Activists behind the referendum “seek to override their elected representatives who conceived, debated and twice overwhelmingly approved the project in fully transparent public forums”, the document says. The foundation omits that the city council meetings he refers to, in which the training center’s funding was approved, included record-breaking numbers of Atlanta residents attending and dozens of hours of public testimony against the project. When the city council approved the training center funding anyway, the referendum effort was born.

Cop City Vote organizers then spent months gathering 116,000 signatures in late 2023 in order to reach a required threshold of about half that number of verified, registered voters. A coalition of voting rights and pro-democracy law firms across the US drew up an ordinance to codify how the city could verify and count voter signatures on petitions to place questions on ballots in general, and offered it to Atlanta city council.

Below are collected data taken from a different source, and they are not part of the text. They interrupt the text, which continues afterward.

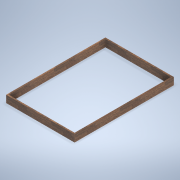
# Autodesk Inventor part: solar panels holder 2
Saved by Autodesk Inventor 2020 (Build 240168000, 168)
## iProperties
Created: 2020-06-26
Part Number: solar panels holder 2
Material: Generic
Document SubType Name: Modeling
Designer: Abbas
Density: 1 g/cm^3
Appearance: Default
Author: Abbas
Autodesk Inventor part; units mm, degrees
ref_plane "YZ Plane" through (0, 0, 0) normal (1, 0, 0) x (0, 1, 0)
ref_plane "XZ Plane" through (0, 0, 0) normal (0, 1, 0) x (-1, 0, 0)
ref_plane "XY Plane" through (0, 0, 0) normal (0, 0, 1) x (1, 0, 0)
sketch "Sketch1" plane through (0, 0, 0) normal (0, 1, 0) x (-1, 0, 0)
  line L0 (478.912, 694) -> (-478.912, 694)
  line L1 (-478.912, 694) -> (-478.912, -694)
  line L2 (-478.912, -694) -> (478.912, -694)
  line L3 (478.912, -694) -> (478.912, 694)
  line L4 (478.912, 694) -> (-478.912, -694) construction
  line L5 (-478.912, 694) -> (478.912, -694) construction
  line L6 (458.912, 674) -> (-458.912, 674)
  line L7 (-458.912, 674) -> (-458.912, -674)
  line L8 (-458.912, -674) -> (458.912, -674)
  line L9 (458.912, -674) -> (458.912, 674)
  line L10 (458.912, 674) -> (-458.912, -674) construction
  line L11 (-458.912, 674) -> (458.912, -674) construction
  point P0 (0, 0)
  point P1 (458.912, 0)
  point P2 (-448.912, 0)
  point P3 (-458.912, 0)
  point P4 (0, 674)
  point P5 (0, -674)
  dimension "d0" = 957.824
  dimension "d1" = 1388
  dimension "d2" = 917.824
  dimension "d3" = 1348
  constraints: 24 end point, 8 midpoint, 4 parallel, 2 horizontal, 2 perpendicular
  measures "d0" distance of L2.end L1.end
  measures "d1" distance of L1.end L0.end
  measures "d2" distance of L8.end L7.end
  measures "d3" distance of L7.end L6.end
extrude "Extrusion7" add sketch "Sketch1" along normal blind 100
sketch "Sketch2" plane through (478.912, 0, 694) normal (1, 0, 0) x (0, 0, -1)
  line L0 (0, 0) -> (0, 100) projected
  line L1 (0, 100) -> (1388, 100) projected
  point P0 (694, 0)
  point P1 (40, 75)
  dimension "d40" = 40
  dimension "d41" = 25
  measures "d40" distance from line of L0 point (40, 75)
  measures "d41" distance from line of L1 point (40, 75)
hole "Hole1" at (478.912, 75, 654) direction (-1, 0, 0) diameter 8 end through all
sketch "Sketch3" plane through (478.912, 0, 694) normal (1, 0, 0) x (0, 0, -1)
  line L0 (0, 0) -> (0, 100) projected
  line L1 (0, 0) -> (1388, 0) projected
  point P0 (694, 0)
  point P1 (40, 25)
  dimension "d42" = 40
  dimension "d43" = 25
  measures "d42" distance from line of L0 point (40, 25)
  measures "d43" distance from line of L1 point (40, 25)
hole "Hole2" at (478.912, 25, 654) direction (-1, 0, 0) diameter 8 end through all
sketch "Sketch4" plane through (478.912, 0, 694) normal (1, 0, 0) x (0, 0, -1)
  line L0 (1388, 0) -> (1388, 100) projected
  line L1 (0, 100) -> (1388, 100) projected
  point P0 (694, 0)
  point P1 (1348, 75)
  dimension "d58" = 40
  dimension "d59" = 25
  measures "d58" distance from line of L0 point (1348, 75)
  measures "d59" distance from line of L1 point (1348, 75)
hole "Hole3" at (478.912, 75, -654) direction (-1, 0, 0) diameter 8 end through all
sketch "Sketch5" plane through (478.912, 0, 694) normal (1, 0, 0) x (0, 0, -1)
  line L0 (1388, 0) -> (1388, 100) projected
  line L1 (0, 0) -> (1388, 0) projected
  point P0 (694, 0)
  point P1 (1348, 25)
  dimension "d60" = 40
  dimension "d61" = 25
  measures "d60" distance from line of L0 point (1348, 25)
  measures "d61" distance from line of L1 point (1348, 25)
hole "Hole4" at (478.912, 25, -654) direction (-1, 0, 0) diameter 8 end through all
sketch "Sketch6" plane through (-478.912, 0, 694) normal (0, 0, 1) x (1, 0, 0)
  line L0 (0, 100) -> (957.824, 100) projected
  line L1 (957.824, 0) -> (957.824, 100) projected
  line L2 (0, 0) -> (957.824, 0) projected
  point P0 (478.912, 0)
  point P1 (917.824, 75)
  point P2 (917.824, 25)
  dimension "d69" = 25
  dimension "d70" = 40
  dimension "d71" = 40
  dimension "d72" = 25
  measures "d69" distance from line of L0 point (917.824, 75)
  measures "d70" distance from line of L1 point (917.824, 75)
  measures "d71" distance from line of L1 point (917.824, 25)
  measures "d72" distance from line of L2 point (917.824, 25)
hole "Hole5" at (438.912, 75, 694) at (438.912, 25, 694) direction (0, 0, -1) diameter 8 end through all
sketch "Sketch7" plane through (-478.912, 0, 694) normal (0, 0, 1) x (1, 0, 0)
  line L0 (0, 0) -> (0, 100) projected
  line L1 (0, 100) -> (957.824, 100) projected
  point P0 (478.912, 0)
  point P1 (40, 75)
  dimension "d87" = 40
  dimension "d88" = 25
  measures "d87" distance from line of L0 point (40, 75)
  measures "d88" distance from line of L1 point (40, 75)
hole "Hole6" at (-438.912, 75, 694) direction (0, 0, -1) diameter 8 end through all
sketch "Sketch8" plane through (-478.912, 0, 694) normal (0, 0, 1) x (1, 0, 0)
  line L0 (0, 0) -> (0, 100) projected
  line L1 (0, 0) -> (957.824, 0) projected
  point P0 (478.912, 0)
  point P1 (40, 25)
  dimension "d89" = 40
  dimension "d90" = 25
  measures "d89" distance from line of L0 point (40, 25)
  measures "d90" distance from line of L1 point (40, 25)
hole "Hole7" at (-438.912, 25, 694) direction (0, 0, -1) diameter 8 end through all
body "Solid2"

This was needed because the Cop City referendum was the first such local democracy effort in the capital of Georgia’s 176-year history – and no such process existed. But in the end, the city council scuttled the ordinance behind closed doors, as the Guardian reported at the time; the referendum never took place, mired in legal disputes.

“If we had known, and gotten these documents when we asked, there was a potential for immediate impact on public opinion,” Scott said, referring to the foundation’s role in squashing the referendum.

Also revealed in the document: the foundation posted 40 officers and installed eight cameras at the training center’s 171-acre (70-hectare) footprint in a forest south-east of Atlanta in late 2023, to protect it from any vandalism by activists.

Opposition to the $109-million center has come from a wide range of local and national organizations and protesters, and is centered on concerns such as unchecked police militarization and clearing forests in an era of climate crisis.

Atlanta police, and the foundation, say the center is needed for “world-class” training and to attract new officers.

The last eight pages of the document include redacted emails, which appears to violate the judge’s order to leave all records un-redacted. Plaintiffs plan to file a motion to obtain those records.

After receiving the document several weeks ago, ACPC has not waited to test the ruling, and filed an open records request last week for minutes from the foundation’s board meetings going back to 2005, Scott said. He has yet to receive a reply.

“We’re going to keep going for transparency,” he said.